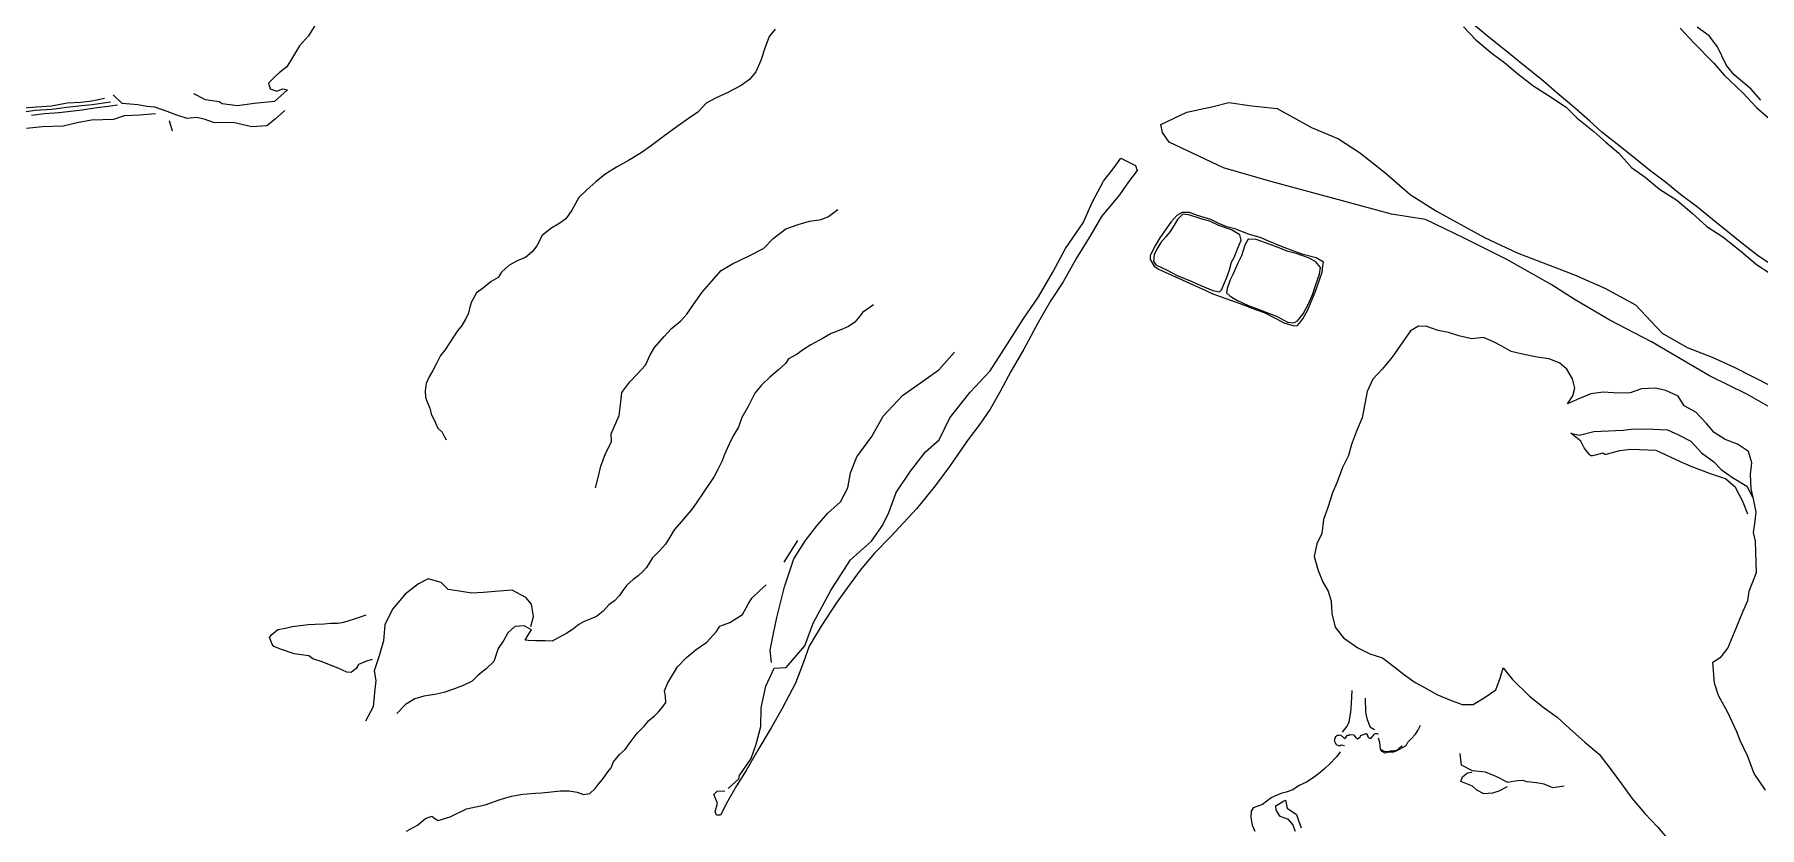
# Model space of a CAD drawing. Extents: x 683321 to 688873, y 7661944 to 7668387.
# Drawn here: x 686662.5 to 687141, y 7665624.4 to 7665844.4 of the extents above; entities that cross this region are included whole.
import ezdxf

# ---------------------------------------------------------------- set-up
doc = ezdxf.new("R2010")
doc.units = 0
doc.header["$MEASUREMENT"] = 0
doc.layers.add('01 CRESTA_Line', color=3, linetype='Continuous', lineweight=20)

msp = doc.modelspace()

# ---------------------------------------------------------------- linework, layer by layer
at = {"layer": '01 CRESTA_Line'}
for points in [[(686740.69, 7665847.65, 4062.75), (686738.49, 7665844.07, 4061.48), (686735.99, 7665841.23, 4061.58), (686734.06, 7665837.99, 4060.32), (686732.45, 7665835.47, 4057.73), (686730.36, 7665833.78, 4056.51), (686729.23, 7665832.78, 4054.48), (686727.44, 7665830.87, 4054.05), (686727.84, 7665829.31, 4054.13), (686729.74, 7665828.69, 4054.27), (686731.33, 7665829.37, 4054.31), (686732.66, 7665829.05, 4054.5), (686729.09, 7665825.83, 4053.05), (686723.4, 7665825.24, 4051.55), (686718.81, 7665824.59, 4050.37), (686714.52, 7665825.22, 4049.27), (686713.7, 7665825.71, 4049.4), (686709.88, 7665826.28, 4048.83), (686706.73, 7665827.97, 4047.9)], [(686867.91, 7665845.94, 4106.61), (686866.25, 7665843.88, 4106.71), (686865.09, 7665840.59, 4107.34), (686863.93, 7665837.21, 4107.87), (686862.57, 7665834.09, 4107.88), (686860.84, 7665831.9, 4107.62), (686858.52, 7665830.25, 4107.1), (686854.63, 7665828.21, 4107.85), (686851.39, 7665826.76, 4107.64), (686848.85, 7665825.39, 4107.51), (686846.54, 7665822.83, 4107.7), (686844.2, 7665821.33, 4107.03), (686840.8, 7665818.88, 4106.85), (686836.99, 7665816.11, 4107.38), (686833.69, 7665813.59, 4106.53), (686830.77, 7665811.61, 4106.94), (686827.25, 7665809.49, 4106.62), (686823.9, 7665807.58, 4106.67), (686820.68, 7665805.57, 4106.63), (686818.16, 7665803.53, 4106.76), (686815.71, 7665801.28, 4107.55), (686813.53, 7665799.21, 4107.57), (686811.51, 7665795.65, 4107.51), (686809.88, 7665793.27, 4107.82), (686808.24, 7665792.04, 4107.7), (686805.71, 7665790.61, 4107.11), (686803.3, 7665788.61, 4107.49), (686801.83, 7665785.78, 4107.74), (686800.57, 7665784.15, 4107.78), (686798.66, 7665782.52, 4108.17), (686796.58, 7665781.74, 4107.76), (686794.06, 7665780.35, 4107.36), (686792.07, 7665778.45, 4108.65), (686791.09, 7665776.97, 4108.84), (686789.2, 7665775.85, 4108.58), (686787.08, 7665774.11, 4107.88), (686785.14, 7665772.75, 4107.48), (686783.73, 7665770.26, 4107.96), (686783.26, 7665768.75, 4107.94), (686782.8, 7665766.86, 4108.35), (686782.07, 7665765.46, 4108.47), (686780.99, 7665763.7, 4109.15), (686779.85, 7665762.24, 4109.34), (686778.72, 7665760.53, 4109.2), (686777.86, 7665759.23, 4108.84), (686776.29, 7665756.8, 4109), (686775.11, 7665755.36, 4109.59), (686773.96, 7665753.18, 4109.78), (686772.99, 7665751.2, 4109.62), (686771.96, 7665749.49, 4108.95), (686771.16, 7665747.57, 4109.18), (686770.88, 7665745.57, 4109.64), (686770.91, 7665743.8, 4109.4), (686771.39, 7665742.54, 4109.23), (686772.11, 7665740.73, 4109.69), (686772.53, 7665739.23, 4109.65), (686773.69, 7665736.69, 4109.78), (686774.36, 7665735.22, 4109.48), (686775.58, 7665734.12, 4108.64), (686776.26, 7665732.82, 4108.1), (686776.68, 7665731.96, 4107.89)], [(687058.94, 7665846.55, 4142.52), (687062.35, 7665842.9, 4142.95), (687066.81, 7665839.16, 4143.3), (687070.33, 7665836.57, 4143.79), (687073.96, 7665833.54, 4144.1), (687078.09, 7665830.31, 4144.46), (687082.46, 7665827.48, 4144.92), (687087.34, 7665824.24, 4145.74), (687090.46, 7665821.18, 4146.22), (687095.08, 7665817.5, 4146.76), (687098.4, 7665814.52, 4147.27), (687101.96, 7665811.54, 4147.76), (687105.51, 7665807.48, 4148.3), (687109.29, 7665804.85, 4148.73), (687113.28, 7665801.53, 4149.28), (687118.09, 7665798.43, 4149.94), (687122.23, 7665794.96, 4150.19), (687126.44, 7665791.19, 4150.78), (687130.8, 7665788.27, 4151.36), (687135.86, 7665784.34, 4151.63), (687140.17, 7665780.63, 4151.91), (687143.63, 7665778.38, 4152.29)], [(687146.43, 7665779.13, 4152.4), (687140.74, 7665782.95, 4152.06), (687136.12, 7665786.57, 4151.72), (687132.25, 7665789.65, 4151.31), (687127.98, 7665793.08, 4150.92), (687123.77, 7665796.53, 4150.41), (687119.08, 7665800.07, 4149.81), (687114.93, 7665803.42, 4149.42), (687110.45, 7665806.78, 4148.8), (687106.05, 7665810.39, 4148.33), (687102.03, 7665813.64, 4147.74), (687097.28, 7665817.35, 4147.04), (687093.96, 7665820.39, 4146.58), (687090.03, 7665823.81, 4146.06), (687085.43, 7665827.67, 4145.37), (687080.53, 7665831.94, 4144.91), (687075.56, 7665835.91, 4144.23), (687070.52, 7665840.01, 4143.76), (687066.01, 7665843.58, 4143.27), (687061.6, 7665847.32, 4142.86)], [(687119, 7665846.15, 4147.2), (687122.83, 7665842.06, 4147.74), (687128.35, 7665836.45, 4148.47), (687131.23, 7665833.15, 4148.94), (687136.34, 7665828.21, 4149.62), (687140.2, 7665824.17, 4150.15), (687144.37, 7665820.55, 4150.51)], [(687141.36, 7665826.22, 4150.04), (687138.68, 7665829.23, 4149.77), (687133.94, 7665833.21, 4149.04), (687131.82, 7665835.79, 4148.67), (687129.39, 7665840.99, 4148.05), (687127.05, 7665844.02, 4147.6), (687123.69, 7665846.44, 4147.24)], [(686658.97, 7665822.91, 4045.49), (686662.63, 7665823.4, 4045.86), (686667.2, 7665823.67, 4046.07), (686671.41, 7665824.23, 4046.38), (686675.59, 7665824.76, 4046.56), (686678.47, 7665825.01, 4046.81), (686683.59, 7665825.72, 4046.99)], [(686659.59, 7665824.04, 4045.62), (686663.03, 7665824.34, 4045.87), (686667.2, 7665824.59, 4046.2), (686671.58, 7665825.46, 4046.33), (686675.38, 7665825.61, 4046.61), (686678.39, 7665826, 4046.77), (686681.88, 7665826.72, 4046.97)], [(686685.48, 7665824.77, 4046.29), (686682.96, 7665824.42, 4046.19), (686679.86, 7665824.11, 4046.12), (686674.97, 7665823.37, 4045.98), (686669.27, 7665822.72, 4045.64), (686665.3, 7665822.44, 4045.39), (686661.68, 7665821.98, 4045.14)], [(686731.89, 7665823.31, 4052.86), (686730.98, 7665822.54, 4053.06), (686729.31, 7665820.98, 4052.69), (686728.35, 7665820.22, 4052.5), (686726.89, 7665819.11, 4052.22), (686722.73, 7665818.78, 4051.49), (686717.58, 7665820.05, 4049.89), (686712.44, 7665819.89, 4049.11), (686709.56, 7665820.95, 4048.14), (686707.46, 7665821.35, 4048.04), (686704.83, 7665821.15, 4048.03), (686702.01, 7665822.01, 4047.7), (686699.29, 7665823.04, 4047.37), (686695.85, 7665824.22, 4047.09), (686693.63, 7665824.42, 4046.95), (686691.13, 7665824.89, 4046.74), (686689.03, 7665825.13, 4046.45), (686686.77, 7665825.32, 4046.4), (686684.27, 7665827.7, 4046.35)], [(687153.19, 7665735.64, 4170.41), (687137.66, 7665744.57, 4170.4), (687127.14, 7665749.75, 4170.45), (687111.06, 7665759.2, 4170.31), (687099.46, 7665765.15, 4170.41), (687089.92, 7665770.82, 4170.26), (687083.25, 7665775.09, 4170.21), (687070.91, 7665781.97, 4170.01), (687059.09, 7665787.88, 4170.01), (687048.32, 7665793.07, 4169.87), (687038.96, 7665794.61, 4169.79), (687025.3, 7665798.25, 4169.57), (687005.43, 7665803.62, 4169.31), (686992.29, 7665807.42, 4169.5), (686983.94, 7665811.43, 4169.76), (686977.27, 7665814.59, 4169.9), (686975.37, 7665817.2, 4170.25), (686974.98, 7665819.46, 4170.2), (686982.18, 7665822.85, 4170.67), (686989.49, 7665824.42, 4170.31), (686993.84, 7665825.54, 4170.29), (687000.21, 7665824.63, 4170.91), (687007.17, 7665823.91, 4170.45), (687016.71, 7665818.59, 4170.15), (687024.18, 7665815.45, 4169.68), (687030.09, 7665811.7, 4169.64), (687037.01, 7665806.24, 4170.15), (687044.08, 7665800.05, 4170.29), (687051.44, 7665795.45, 4170.21), (687064.75, 7665788.09, 4170.27), (687073.75, 7665783.84, 4170.2), (687089.71, 7665777.77, 4170.54), (687098.11, 7665774.04, 4170.9), (687106.58, 7665769.39, 4170.67), (687114.01, 7665761.52, 4170.77), (687120.98, 7665757.61, 4171.02), (687127.91, 7665754.88, 4171.16), (687133.99, 7665752.14, 4170.59), (687144.51, 7665746.76, 4170.9)], [(686660.26, 7665818.41, 4044.94), (686664.59, 7665818.89, 4045.14), (686670.42, 7665819.11, 4045.68), (686674.34, 7665820.01, 4045.82), (686678.33, 7665820.71, 4045.97), (686684.47, 7665820.97, 4046.24), (686687.46, 7665821.92, 4046.23), (686691.65, 7665822.12, 4046.54), (686696.02, 7665822.54, 4047.27)], [(686699.81, 7665820.52, 4047.92), (686700.7, 7665817.67, 4048.03)], [(686854.94, 7665635.28, 4170.33), (686857.84, 7665637.92, 4170.36), (686858.07, 7665638.89, 4170.56), (686861.26, 7665643.59, 4170.62), (686862.68, 7665647.54, 4171.01), (686863.96, 7665652.49, 4171.02), (686864.06, 7665657.62, 4170.7), (686865.33, 7665663.59, 4170.57), (686867.68, 7665668.6, 4170.24), (686870.98, 7665668.79, 4170.74), (686876.17, 7665674.78, 4170.83), (686878.49, 7665681.09, 4170.77), (686883.51, 7665690.32, 4170.32), (686888.89, 7665698.72, 4170.05), (686894.68, 7665703.82, 4170.09), (686897.75, 7665708.2, 4170.31), (686899.48, 7665711.8, 4170.33), (686901.56, 7665717.33, 4170.49), (686905.47, 7665723.31, 4169.7), (686909.66, 7665728.66, 4169.7), (686913.47, 7665731.95, 4170.1), (686916.39, 7665738.07, 4169.91), (686922.02, 7665745.19, 4169.77), (686927.62, 7665751.12, 4169.9), (686932.44, 7665758.58, 4169.82), (686936.76, 7665765.42, 4169.64), (686941.03, 7665771.66, 4169.7), (686944.93, 7665778.51, 4169.79), (686948.52, 7665785.06, 4169.8), (686953.41, 7665792.13, 4169.65), (686955.86, 7665797.78, 4169.77), (686959.03, 7665803.77, 4169.8), (686961.96, 7665807.5, 4169.66), (686963.88, 7665810.1, 4169.7), (686965.89, 7665809.12, 4169.71), (686967.9, 7665808.03, 4169.64), (686968.38, 7665806.73, 4169.65), (686965.99, 7665803.59, 4169.59), (686963.47, 7665799.96, 4169.52), (686958.52, 7665793.97, 4169.68), (686955.53, 7665788.86, 4169.75), (686951.67, 7665782.56, 4169.69), (686947.81, 7665775.84, 4169.81), (686944.39, 7665770.59, 4169.8), (686940.89, 7665764.53, 4169.68), (686936.95, 7665757.1, 4169.72), (686933.36, 7665750.94, 4169.84), (686930.29, 7665745.2, 4169.86), (686927.57, 7665740.49, 4169.76), (686924.68, 7665736.35, 4169.89), (686921.52, 7665732.1, 4169.62), (686916.28, 7665724.54, 4169.87), (686912.3, 7665719.22, 4170.2), (686907.11, 7665712.86, 4170.1), (686900.02, 7665705.11, 4170.51), (686895.51, 7665700.57, 4170.66), (686891.5, 7665695.81, 4170.53), (686887.99, 7665690.99, 4170.44), (686884.87, 7665686.64, 4170.6), (686880.73, 7665680.29, 4170.83), (686877.34, 7665674.75, 4170.88), (686875.83, 7665670.26, 4170.83), (686873.6, 7665664.45, 4170.81), (686869.85, 7665657.4, 4171.03), (686866.87, 7665652.04, 4171.06), (686863.15, 7665645.84, 4170.79), (686859.88, 7665640.26, 4170.54), (686857.18, 7665636, 4170.43), (686854.7, 7665631.62, 4170.53), (686852.83, 7665627.86, 4170.46), (686852.42, 7665627.89, 4170.49), (686851.67, 7665627.81, 4170.52), (686851.3, 7665628.74, 4170.39), (686851.98, 7665631.15, 4170.34), (686850.94, 7665633.54, 4169.71), (686851.82, 7665634.55, 4170.06), (686853.97, 7665634.63, 4170.39)], [(686818.09, 7665718.65, 4131.83), (686818.86, 7665721.55, 4131.39), (686819.61, 7665724.66, 4131.4), (686820.89, 7665728.22, 4131.22), (686822.58, 7665731.38, 4131.7), (686822.46, 7665733.62, 4131.31), (686824.67, 7665738.68, 4130.75), (686825, 7665741.66, 4130.77), (686825.39, 7665745.09, 4129.79), (686827.64, 7665748.02, 4130.37), (686829.71, 7665750.19, 4130.36), (686832, 7665752.64, 4130.07), (686833.28, 7665755.51, 4130.1), (686834.47, 7665757.59, 4130.14), (686837.17, 7665760.63, 4130.1), (686839.06, 7665762.8, 4129.93), (686841.77, 7665765.02, 4130.1), (686843.46, 7665766.86, 4129.73), (686845.26, 7665769.5, 4129.94), (686847.71, 7665772.93, 4130.35), (686850.25, 7665775.86, 4130.33), (686852.93, 7665778.93, 4130.43), (686855.97, 7665780.66, 4130.18), (686860.92, 7665783.1, 4129.9), (686864.67, 7665785.01, 4129.88), (686867.44, 7665787.8, 4130.01), (686870.95, 7665790.48, 4130.41), (686874.32, 7665791.69, 4130.18), (686877.43, 7665792.63, 4129.76), (686880.74, 7665793.08, 4130.08), (686882.79, 7665793.95, 4130.4), (686885.29, 7665795.85, 4130.55)], [(686895.2, 7665769.44, 4145.14), (686892.22, 7665767.32, 4144.73), (686891.45, 7665766.28, 4145.2), (686890.01, 7665764.59, 4145.84), (686888.29, 7665763.42, 4146.37), (686886.2, 7665762.51, 4146.82), (686883.53, 7665761.44, 4146.25), (686881.31, 7665760.22, 4146.51), (686877.86, 7665758.34, 4146.35), (686875.51, 7665756.88, 4146.19), (686874.02, 7665755.74, 4146.87), (686871.66, 7665754.45, 4146.55), (686870.81, 7665753.13, 4146.53), (686868.86, 7665751.38, 4147.33), (686866.51, 7665749.33, 4147.61), (686864.16, 7665747.17, 4147.12), (686862.27, 7665744.88, 4147.15), (686860.43, 7665741.18, 4147.43), (686858.72, 7665738.19, 4146.95), (686857.78, 7665735.44, 4147.27), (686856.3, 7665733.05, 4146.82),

•••••

→ **What is needed**: Taking the listing above as the source, transcribe only the lines starting at the line with "# Drawn here: x" and going through the line with "msp = doc.modelspace()", unaltered and with both ends included.

→ **Response box**:
# Drawn here: x 686662.5 to 687141, y 7665624.4 to 7665844.4 of the extents above; entities that cross this region are included whole.
import ezdxf

# ---------------------------------------------------------------- set-up
doc = ezdxf.new("R2010")
doc.units = 0
doc.header["$MEASUREMENT"] = 0
doc.layers.add('01 CRESTA_Line', color=3, linetype='Continuous', lineweight=20)

msp = doc.modelspace()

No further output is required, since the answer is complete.